▸ Exercise material:

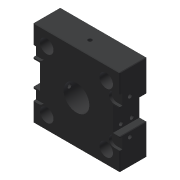
# Autodesk Inventor part: bottomplate2
Saved by Autodesk Inventor 2022 Beta2 (Build 260130000, 130) ContinuousBuild 0
## iProperties
Shininess: 64.0
Length Units: 11272
Angle Units: 11279
Time Units: 11290
Mass Units: 11286
Length Display Precision: 3
Angle Display Precision: 2
Compacted: True
Part Number: bottomplate2
Document SubType Name: Modeling
Created: 2003-04-03
Designer: Sudhir John
Density: 1 g/cm^3
Material: Generic
Appearance: Generic
Density: 0.0
Volumn: 0.0
Area: 0.0
PropertySet Name: Model Information
Control State: 0
Master: False
Checked Out: False
Author: Sudhir John
Autodesk Inventor part; units mm, degrees
sketch "Sketch1" plane through (0, 0, 0) normal (0, 0, 1) x (1, 0, 0)
  line L0 (-14.9871, -174.324) -> (188.2129, -174.324)
  line L1 (188.2129, -174.324) -> (188.2129, 28.876)
  line L2 (188.2129, 28.876) -> (-14.9871, 28.876)
  line L3 (-14.9871, 28.876) -> (-14.9871, -174.324)
  dimension "d0" = 203.2
  dimension "d1" = 203.2
  constraints: 8 end point, 2 parallel, 1 horizontal, 1 perpendicular
  measures "d0" distance of L1.end L2.end
  measures "d1" distance of L2.end L0.start
extrude "Extrusion1" add sketch "Sketch1" along normal blind 63.5
ref_plane "Work Plane1" through (-14.9871, -72.724, 0) normal (0, 1, 0) x (1, 0, 0)
ref_plane "Work Plane2" through (86.6129, -174.324, 0) normal (1, 0, 0) x (0, 0, -1)
sketch "Sketch2" plane through (0, 0, 63.5) normal (0, 0, 1) x (1, 0, 0)
  line L0 (-14.9871, -174.324) -> (-14.9871, 28.876) projected
  line L1 (-35.3071, -72.724) -> (249.1729, -72.724) projected
  line L2 (-14.9871, -44.149) -> (1.0149, -44.149)
  line L3 (1.0149, -44.149) -> (1.0149, -101.299)
  line L4 (1.0149, -101.299) -> (-14.9871, -101.299)
  line L5 (-14.9871, -101.299) -> (-14.9871, -44.149)
  dimension "d4" = 57.15
  dimension "d5" = 28.575
  dimension "d6" = 16.002
  constraints: 8 end point, 2 parallel, 1 horizontal, 1 perpendicular, 1 point on line
  measures "d4" distance of L2.end L3.end
  measures "d5" distance between parallel lines of L1 L4
  measures "d6" distance of L3.end L4.end
extrude "Extrusion2" cut sketch "Sketch2" against normal through all
mirror "Mirror1" about plane through (86.6129, -174.324, 0) normal (1, 0, 0) of "Extrusion2"
sketch "Sketch3" plane through (-14.9871, -72.724, 0) normal (0, 1, 0) x (1, 0, 0)
  line L0 (101.6, 6.35) -> (101.6, -82.55) projected
  line L1 (101.6, -63.5) -> (131.7625, -63.5)
  line L2 (131.7625, -63.5) -> (131.7625, -54.4576)
  line L3 (131.7625, -54.4576) -> (133.63, -53.1779)
  line L4 (133.63, -53.1779) -> (133.63, -10.4297)
  line L5 (133.63, -10.4297) -> (134.9502, -9.525)
  line L6 (134.9502, -9.525) -> (134.9502, 0)
  line L7 (134.9502, 0) -> (101.6, 0)
  line L8 (203.2, 0) -> (0, 0) projected
  line L9 (0, -63.5) -> (203.2, -63.5) projected
  dimension "d9" = 30.1625
  dimension "d10" = 9.0424
  dimension "d11" = 42.7482
  dimension "d12" = 9.525
  dimension "d13" = 33.3502
  constraints: 14 end point, 3 parallel, 3 perpendicular, 2 collinear, 2 point on line
  measures "d9" distance of L1.start L1.end
  measures "d10" distance of L1.end L2.end
  measures "d11" distance of L3.end L4.end
  measures "d12" distance of L5.end L6.end
  measures "d13" distance between parallel lines of L0 L6
revolve "Revolution1" cut sketch "Sketch3" angle 360 about axis through (86.6129, -72.724, 0) along (0, 0, 1)
sketch "Sketch4" plane through (0, 0, 0) normal (0, 0, -1) x (-1, 0, 0)
  line L0 (-188.2129, 28.876) -> (14.9871, 28.876) projected
  line L1 (-188.2129, -44.149) -> (-188.2129, 28.876) projected
  line L2 (-86.6129, -194.644) -> (-86.6129, 89.836) projected
  line L3 (-249.1729, -72.724) -> (35.3071, -72.724) projected
  point P0 (-156.4629, -2.874)
  point P1 (-16.7629, -2.874)
  point P2 (-156.4629, -142.574)
  point P3 (-16.7629, -142.574)
  dimension "d15" = 31.75
  dimension "d16" = 31.75
  constraints: 3 symmetric about line
  measures "d15" distance from line of L0 point (-156.463, -2.874)
  measures "d16" distance from line of L1 point (-156.463, -2.874)
hole "Hole1" at (156.4629, -2.874, 0) at (16.7629, -2.874, 0) at (156.4629, -142.574, 0) at (16.7629, -142.574, 0) direction (0, 0, 1) diameter 31.75 end through all counterbore diameter 37.084 counterbore depth 5.08
sketch "Sketch5" plane through (0, 0, 63.5) normal (0, 0, 1) x (1, 0, 0)
  line L0 (-14.9871, -174.324) -> (-14.9871, -101.299) projected
  line L1 (188.2129, -174.324) -> (-14.9871, -174.324) projected
  line L2 (-14.9871, -104.474) -> (-2.2871, -104.474)
  line L3 (-2.2871, -129.874) -> (-14.9871, -129.874)
  line L4 (-14.9871, -129.874) -> (-14.9871, -104.474)
  arc A0 (-2.2871, -129.874) -> (-2.2871, -104.474) centre (-2.2871, -117.174) ccw
  dimension "d24" = 44.45
  dimension "d26" = 12.7
  constraints: 6 end point, 2 point on circle, 1 centre point, 1 horizontal, 1 parallel, 1 point on line
  measures "d24" distance between parallel lines of L1 L3
  measures "d26" distance of L3.start L3.end
extrude "Extrusion3" cut sketch "Sketch5" against normal blind 6.35
mirror "Mirror2" about plane through (86.6129, -174.324, 0) normal (1, 0, 0) of "Extrusion3"
mirror "Mirror3" about plane through (-14.9871, -72.724, 0) normal (0, 1, 0) of "Extrusion3", "Mirror2"
sketch "Sketch6" plane through (-14.9871, -174.324, 0) normal (0, -1, 0) x (1, 0, 0)
  line L0 (203.2, 63.5) -> (0, 63.5) projected
  line L1 (101.6, 82.55) -> (101.6, -6.35) projected
  point P0 (142.24, 48.26)
  point P1 (60.96, 48.26)
  dimension "d29" = 15.24
  dimension "d30" = 40.64
  constraints: 1 symmetric about line
  measures "d29" distance from line of L0 point (142.24, 48.26)
  measures "d30" distance from line of L1 point (142.24, 48.26)
hole "Hole2" at (127.2529, -174.324, 48.26) at (45.9729, -174.324, 48.26) direction (0, 1, 0) diameter 9.144 depth 101.6 tip angle 118 counterbore diameter 25.4 counterbore depth 25.4 thread size "7/16-14 UNC" class "1B" standard "ANSI Unified Screw Threads"
sketch "Sketch7" plane through (-14.9871, -174.324, 0) normal (0, -1, 0) x (1, 0, 0)
  line L0 (0, 0) -> (203.2, 0) projected
  point P0 (60.96, 23.368)
  point P1 (142.24, 23.368)
  dimension "d38" = 23.368
  measures "d38" distance from line of L0 point (60.96, 23.368)
hole "Hole3" at (45.9729, -174.324, 23.368) at (127.2529, -174.324, 23.368) direction (0, 1, 0) diameter 9.144 depth 101.6 tip angle 118 counterbore diameter 19.05 counterbore depth 17.4498 thread size "7/16-14 UNC" class "1B" standard "ANSI Unified Screw Threads"
ref_plane "Work Plane3" through (0, 0, 31.75) normal (0, 0, 1) x (1, 0, 0)
sketch "Sketch8" plane through (172.2109, -101.6229, 6.5724) normal (1, 0, 0) x (0, 0, -1)
  line L0 (-25.4, -93.345) -> (-25.4, 191.135)
  line L1 (-66.04, 28.575) -> (5.08, 28.575)
  point P0 (-38.1, 47.625)
  point P1 (-12.7, 47.625)
  point P2 (-38.1, 9.525)
  point P3 (-12.7, 9.525)
  dimension "d48" = 12.7
  dimension "d47" = 19.05
  constraints: 4 end point, 3 symmetric about line
  measures "d48" distance from line of L0 point (-38.1, 47.625)
  measures "d47" distance from line of L1 point (-38.1, 47.625)
hole "Hole4" at (172.2109, -53.9979, 44.6724) at (172.2109, -53.9979, 19.2724) at (172.2109, -92.0979, 44.6724) at (172.2109, -92.0979, 19.2724) direction (-1, 0, 0) diameter 9.144 depth 18.8468 tip angle 118
mirror "Mirror4" about plane through (86.6129, -174.324, 0) normal (1, 0, 0) of "Hole4"
sketch "Sketch9" plane through (188.2129, -173.8086, 63.0266) normal (1, 0, 0) x (0, 0, -1)
  line L0 (0, 73.025) -> (0, 0)
  line L1 (-2.794, 101.6) -> (68.326, 101.6)
  point P0 (23.622, 60.325)
  point P1 (23.622, 142.875)
  dimension "d57" = 41.275
  dimension "d56" = 23.622
  constraints: 4 end point, 1 symmetric about line
  measures "d57" distance from line of L1 point (23.622, 60.325)
  measures "d56" distance from line of L0 point (23.622, 60.325)
hole "Hole5" at (188.2129, -113.4836, 39.4046) at (188.2129, -30.9336, 39.4046) direction (-1, 0, 0) diameter 9.144 depth 32.4612 tip angle 118
mirror "Mirror6" about plane through (86.6129, -174.324, 0) normal (1, 0, 0) of "Hole5"
sketch "Sketch10" plane through (-14.9871, -174.324, 0) normal (0, -1, 0) x (1, 0, 0)
  line L0 (101.6, 82.55) -> (101.6, -6.35) projected
  line L1 (-20.32, 31.75) -> (264.16, 31.75) projected
  point P0 (101.6, 31.75)
  point P1 (142.0313, -66.6979)
  constraints: 2 point on line
hole "Hole6" at (86.6129, -174.324, 31.75) at (127.0442, -174.324, -66.6979) direction (0, 1, 0) diameter 9.144 depth 26.1112 tip angle 118 thread size "7/16-14 UNC" class "1B" standard "ANSI Unified Screw Threads"
mirror "Mirror5" about plane through (-14.9871, -72.724, 0) normal (0, 1, 0) of "Hole6"
sketch "Sketch11" plane through (0, 0, 0) normal (0, 0, -1) x (-1, 0, 0)
  line L0 (-188.2129, -174.324) -> (-188.2129, -101.299) projected
  line L1 (14.9871, -174.324) -> (-188.2129, -174.324) projected
  line L2 (-86.6129, -194.644) -> (-86.6129, 89.836) projected
  line L3 (-249.1729, -72.724) -> (35.3071, -72.724) projected
  point P0 (-86.6129, -123.524)
  point P1 (-150.1129, -110.824)
  point P2 (-23.1129, -110.824)
  point P3 (-150.1129, -34.624)
  point P4 (-23.1129, -34.624)
  point P5 (-86.6129, -21.924)
  dimension "d71" = 50.8
  dimension "d72" = 38.1
  dimension "d73" = 63.5
  constraints: 4 symmetric about line, 1 point on line
  measures "d71" distance from line of L1 point (-86.613, -123.524)
  measures "d72" distance from line of L0 point (-150.113, -110.824)
  measures "d73" distance from line of L1 point (-150.113, -110.824)
hole "Hole7" at (86.6129, -123.524, 0) at (150.1129, -110.824, 0) at (23.1129, -110.824, 0) at (150.1129, -34.624, 0) at (23.1129, -34.624, 0) at (86.6129, -21.924, 0) direction (0, 0, 1) diameter 9.144 depth 32.4612 tip angle 118 thread size "7/16-14 UNC" class "1B" standard "ANSI Unified Screw Threads"
sketch "Sketch12" plane through (1.0149, -101.299, 63.5) normal (-1, 0, 0) x (0, 0, 1)
  line L0 (0, 57.15) -> (0, 0) projected
  line L1 (-69.85, 28.575) -> (19.05, 28.575) projected
  point P0 (-15.4686, 28.575)
  dimension "d81" = 15.4686
  constraints: 1 point on line
  measures "d81" distance from line of L0 point (-15.469, 28.575)
hole "Hole8" at (1.0149, -72.724, 48.0314) direction (1, 0, 0) diameter 9.144 depth 127 tip angle 118 thread size "7/16-14 UNC" class "1B" standard "ANSI Unified Screw Threads"
sketch "Sketch13" plane through (1.0149, -101.299, 63.5) normal (-1, 0, 0) x (0, 0, 1)
  circle A0 centre (-15.4686, 28.575) radius 4.572 projected
  line L0 (-69.85, 28.575) -> (19.05, 28.575) projected
  point P0 (-40.132, 28.575)
  dimension "d90" = 24.6634
  constraints: 1 point on line
  measures "d90" distance of A0.centre point (-40.132, 28.575)
hole "Hole9" at (1.0149, -72.724, 23.368) direction (1, 0, 0) diameter 9.144 depth 127 tip angle 118 thread size "7/16-14 UNC" class "1B" standard "ANSI Unified Screw Threads"
chamfer "Chamfer1" distance 1.27 angle 45 26 edges at (86.6129, 28.876, 63.5) (-14.9871, 28.876, 31.75) (86.6129, 28.876, 0) (188.2129, 28.876, 31.75) (-14.9871, 6.651, 63.5) (-14.9871, -42.5615, 63.5) (-14.9871, -102.8865, 63.5) (-14.9871, -152.099, 63.5) (86.6129, -174.324, 63.5) (188.2129, -152.099, 63.5) (188.2129, -102.8865, 63.5) (188.2129, -42.5615, 63.5) (188.2129, 6.651, 63.5) (188.2129, -7.6365, 0) (188.2129, -137.8115, 0) (188.2129, -174.324, 31.75) (188.2129, -101.299, 31.75) (172.2109, -72.724, 0) (180.2119, -44.149, 0) (180.2119, -101.299, 0) (86.6129, -174.324, 0) (-14.9871, -137.8115, 0) (-6.9861, -101.299, 0) (1.0149, -72.724, 0) (-6.9861, -44.149, 0) (-14.9871, -7.6365, 0)
body "Solid1"
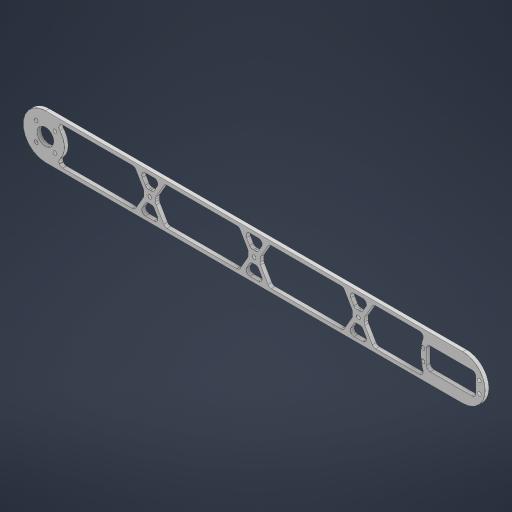
# Autodesk Inventor part: Arm3rdLinkServo
Saved by Autodesk Inventor 2023 (Build 270158000, 158)
## iProperties
Created: 2023-12-24
Part Number: Arm3rdLinkServo
Material: Generic
Document SubType Name: Modeling
Designer: kelle
Density: 1 g/cm^3
Appearance: Default
Author: kelle
Autodesk Inventor part; units mm, degrees
ref_plane "YZ Plane" through (0, 0, 0) normal (1, 0, 0) x (0, 1, 0)
ref_plane "XZ Plane" through (0, 0, 0) normal (0, 1, 0) x (-1, 0, 0)
ref_plane "XY Plane" through (0, 0, 0) normal (0, 0, 1) x (1, 0, 0)
sketch "Sketch1" plane through (0, 0, 0) normal (0, 0, 1) x (1, 0, 0)
  line L0 (177.8, 0) -> (-177.8, 0) construction
  line L1 (177.8, 19.05) -> (-177.8, 19.05)
  line L2 (-177.8, -19.05) -> (177.8, -19.05)
  arc A0 (177.8, -19.05) -> (177.8, 19.05) centre (177.8, 0) ccw
  arc A1 (-177.8, 19.05) -> (-177.8, -19.05) centre (-177.8, 0) ccw
  circle A2 centre (-177.8, 0) radius 7
  line L3 (-185.8, -8) -> (-169.8, -8) construction
  line L4 (-169.8, -8) -> (-169.8, 8) construction
  line L5 (-169.8, 8) -> (-185.8, 8) construction
  line L6 (-185.8, 8) -> (-185.8, -8) construction
  line L7 (-185.8, -8) -> (-169.8, 8) construction
  line L8 (-169.8, -8) -> (-185.8, 8) construction
  circle A3 centre (-185.8, 8) radius 1.5875
  circle A4 centre (-169.8, 8) radius 1.5875
  circle A5 centre (-185.8, -8) radius 1.5875
  circle A6 centre (-169.8, -8) radius 1.5875
  circle A7 centre (0, 0) radius 2
  circle A8 centre (-88.9, 0) radius 2
  circle A9 centre (88.9, 0) radius 2
  circle A10 centre (0, 0) radius 2
  circle A11 centre (177.8, 0) radius 3
  line L9 (177.8, 0) -> (192, 0) construction
  line L10 (192, 0) -> (192, 4.95) construction
  circle A12 centre (192, 4.95) radius 1.5875
  circle A13 centre (144, 4.95) radius 1.5875
  circle A14 centre (192, -4.95) radius 1.5875
  circle A15 centre (144, -4.95) radius 1.5875
  line L11 (192, 4.95) -> (189, 4.95) construction
  line L12 (189, 9.525) -> (147, 9.525)
  line L13 (147, 9.525) -> (147, -9.525)
  line L14 (189, -9.525) -> (189, 9.525)
  line L15 (147, -9.525) -> (189, -9.525)
  dimension "d0" = 177.8
  dimension "d1" = 38.1
  dimension "d2" = 14
  dimension "d3" = 16
  dimension "d4" = 16
  dimension "d5" = 3.175
  dimension "d8" = 16
  dimension "d11" = 16
  dimension "d14" = 4
  dimension "d17" = 88.9
  dimension "d20" = 88.9
  dimension "d23" = 6
  dimension "d24" = 14.2
  dimension "d25" = 4.95
  dimension "d27" = 3.175
  dimension "d31" = 48
  dimension "d34" = 9.9
  dimension "d37" = 3
  dimension "d38" = 42
  dimension "d39" = 9.525
  dimension "d40" = 19.05
  dimension "d41" = 42
  dimension "d60" = 3
  constraints: 34 end point, 16 centre point, 9 horizontal, 5 coincident, 4 point on circle, 4 tangent, 4 vertical, 3 midpoint, 3 parallel, 1 perpendicular, 18 other
  measures "d0" distance of point (0, 0) L0.end
  measures "d1" diameter of A1
  measures "d2" diameter of A2
  measures "d3" distance of L3.start L3.end
  measures "d4" distance of L4.end L3.end
  measures "d5" diameter of A3
  measures "d8" distance of A3.centre A4.centre
  measures "d11" distance of A3.centre A5.centre
  measures "d14" diameter of A7
  measures "d17" distance of A7.centre A8.centre
  measures "d20" distance of A7.centre A9.centre
  measures "d23" diameter of A11
  measures "d24" distance of L9.start L9.end
  measures "d25" distance of L9.end L10.end
  measures "d27" diameter of A12
  measures "d31" distance of L11.start A13.centre
  measures "d34" distance of L11.start A14.centre
  measures "d37" distance of L11.start L11.end
  measures "d38" distance of L12.start L12.end
  measures "d39" distance between parallel lines of L12 L0
  measures "d40" distance of L12.end L13.end
  measures "d41" distance of L13.end L14.start
  measures "d60" distance from line of L10.end L14
extrude "Extrusion1" add sketch "Sketch1" along normal blind 3.175 contours A0 L2 A1 L1
sketch "Sketch4" plane through (0, 0, 3.175) normal (0, 0, 1) x (1, 0, 0)
  arc A0 (-177.8, 19.05) -> (-177.8, -19.05) centre (-177.8, 0) ccw
  line L0 (-177.8, -19.05) -> (177.8, -19.05)
  arc A1 (177.8, -19.05) -> (177.8, 19.05) centre (177.8, 0) ccw
  line L1 (177.8, 19.05) -> (-177.8, 19.05)
  circle A2 centre (0, 0) radius 2
  circle A3 centre (-88.9, 0) radius 2
  circle A4 centre (88.9, 0) radius 2
  circle A5 centre (144, 4.95) radius 1.5875
  circle A6 centre (144, -4.95) radius 1.5875
  line L2 (189, 9.525) -> (189, -9.525)
  line L3 (189, -9.525) -> (147, -9.525)
  line L4 (147, -9.525) -> (147, 9.525)
  line L5 (147, 9.525) -> (189, 9.525)
  circle A7 centre (192, -4.95) radius 1.5875
  circle A8 centre (192, 4.95) radius 1.5875
  circle A9 centre (-169.8, -8) radius 1.5875
  circle A10 centre (-185.8, -8) radius 1.5875
  circle A11 centre (-169.8, 8) radius 1.5875
  circle A12 centre (-185.8, 8) radius 1.5875
  circle A13 centre (-177.8, 0) radius 7
  circle A14 centre (-177.8, 0) radius 7 construction
  circle A15 centre (-177.8, 0) radius 12.901208 construction
  circle A16 centre (-177.8, 0) radius 16.076208
  circle A17 centre (-88.9, 0) radius 5.175
  circle A18 centre (0, 0) radius 5.175
  circle A19 centre (88.9, 0) radius 5.175
  circle A20 centre (177.8, 0) radius 35.74804
  circle A21 centre (144, -4.95) radius 1.5875 construction
  circle A22 centre (177.8, 0) radius 38.92304 construction
  line L6 (-177.8, 0) -> (-133.35, 0) construction
  line L7 (-177.8, 0) -> (-133.35, 0) construction
  line L8 (-177.8, 0) -> (-155.575, 38.494829)
  line L9 (-155.575, 38.494829) -> (-111.125, 38.494829)
  line L10 (-111.125, 38.494829) -> (-88.9, 0)
  line L11 (-88.9, 0) -> (-111.125, -38.494829)
  line L12 (-111.125, -38.494829) -> (-155.575, -38.494829)
  line L13 (-155.575, -38.494829) -> (-177.8, 0)
  arc A23 (-177.8, 15.875) -> (-177.8, -15.875) centre (-177.8, 0) ccw
  line L14 (-177.8, -15.875) -> (177.8, -15.875)
  arc A24 (177.8, -15.875) -> (177.8, 15.875) centre (177.8, 0) ccw
  line L15 (177.8, 15.875) -> (-177.8, 15.875)
  line L16 (-112.958087, 35.319829) -> (-153.741913, 35.319829)
  line L17 (-153.741913, 35.319829) -> (-174.133826, 0)
  line L18 (-174.133826, 0) -> (-153.741913, -35.319829)
  line L19 (-153.741913, -35.319829) -> (-112.958087, -35.319829)
  line L20 (-112.958087, -35.319829) -> (-92.566174, 0)
  line L21 (-92.566174, 0) -> (-112.958087, 35.319829)
  line L22 (177.8, 19.05) -> (-177.8, 19.05) construction
  line L23 (-88.9, 19.05) -> (-88.9, -19.05) construction
  line L24 (0, 19.05) -> (0, -19.05) construction
  line L25 (0, 0) -> (-22.225, 38.494829)
  line L26 (-66.675, 38.494829) -> (-88.9, 0)
  line L27 (-88.9, 0) -> (-66.675, -38.494829)
  line L28 (-22.225, -38.494829) -> (0, 0)
  line L29 (-24.058087, 35.319829) -> (-3.666174, 0)
  line L30 (-3.666174, 0) -> (-24.058087, -35.319829)
  line L31 (-64.841913, -35.319829) -> (-85.233826, 0)
  line L32 (-85.233826, 0) -> (-64.841913, 35.319829)
  line L33 (177.8, 0) -> (155.575, 38.494829)
  line L34 (111.125, 38.494829) -> (88.9, 0)
  line L35 (88.9, 0) -> (111.125, -38.494829)
  line L36 (155.575, -38.494829) -> (177.8, 0)
  line L37 (153.741913, 35.319829) -> (174.133826, 0)
  line L38 (174.133826, 0) -> (153.741913, -35.319829)
  line L39 (112.958087, -35.319829) -> (92.566174, 0)
  line L40 (92.566174, 0) -> (112.958087, 35.319829)
  line L41 (0, 0) -> (22.225, 38.494829)
  line L42 (24.058087, 35.319829) -> (3.666174, 0)
  line L43 (3.666174, 0) -> (24.058087, -35.319829)
  line L44 (22.225, -38.494829) -> (0, 0)
  line L45 (64.841913, -35.319829) -> (85.233826, 0)
  line L46 (88.9, 0) -> (66.675, -38.494829)
  line L47 (85.233826, 0) -> (64.841913, 35.319829)
  line L48 (66.675, 38.494829) -> (88.9, 0)
  point P0 (79.734564, 15.875)
  point P1 (86.3125, 4.481681)
  point P2 (91.4875, 4.481681)
  point P3 (98.065436, 15.875)
  point P4 (98.065436, -15.875)
  point P5 (91.4875, -4.481681)
  point P6 (86.3125, -4.481681)
  point P7 (79.734564, -15.875)
  point P8 (2.5875, 4.481681)
  point P9 (9.165436, 15.875)
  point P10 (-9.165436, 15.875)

▸ Work instruction: The required answer is each line of the data in which the word "horizontal" appears.

▸ Your solution:
  constraints: 8 end point, 2 parallel, 1 horizontal, 1 perpendicular
  constraints: 8 end point, 2 parallel, 1 horizontal, 1 perpendicular, 1 point on line
  constraints: 6 end point, 2 point on circle, 1 centre point, 1 horizontal, 1 parallel, 1 point on line
  constraints: 34 end point, 16 centre point, 9 horizontal, 5 coincident, 4 point on circle, 4 tangent, 4 vertical, 3 midpoint, 3 parallel, 1 perpendicular, 18 other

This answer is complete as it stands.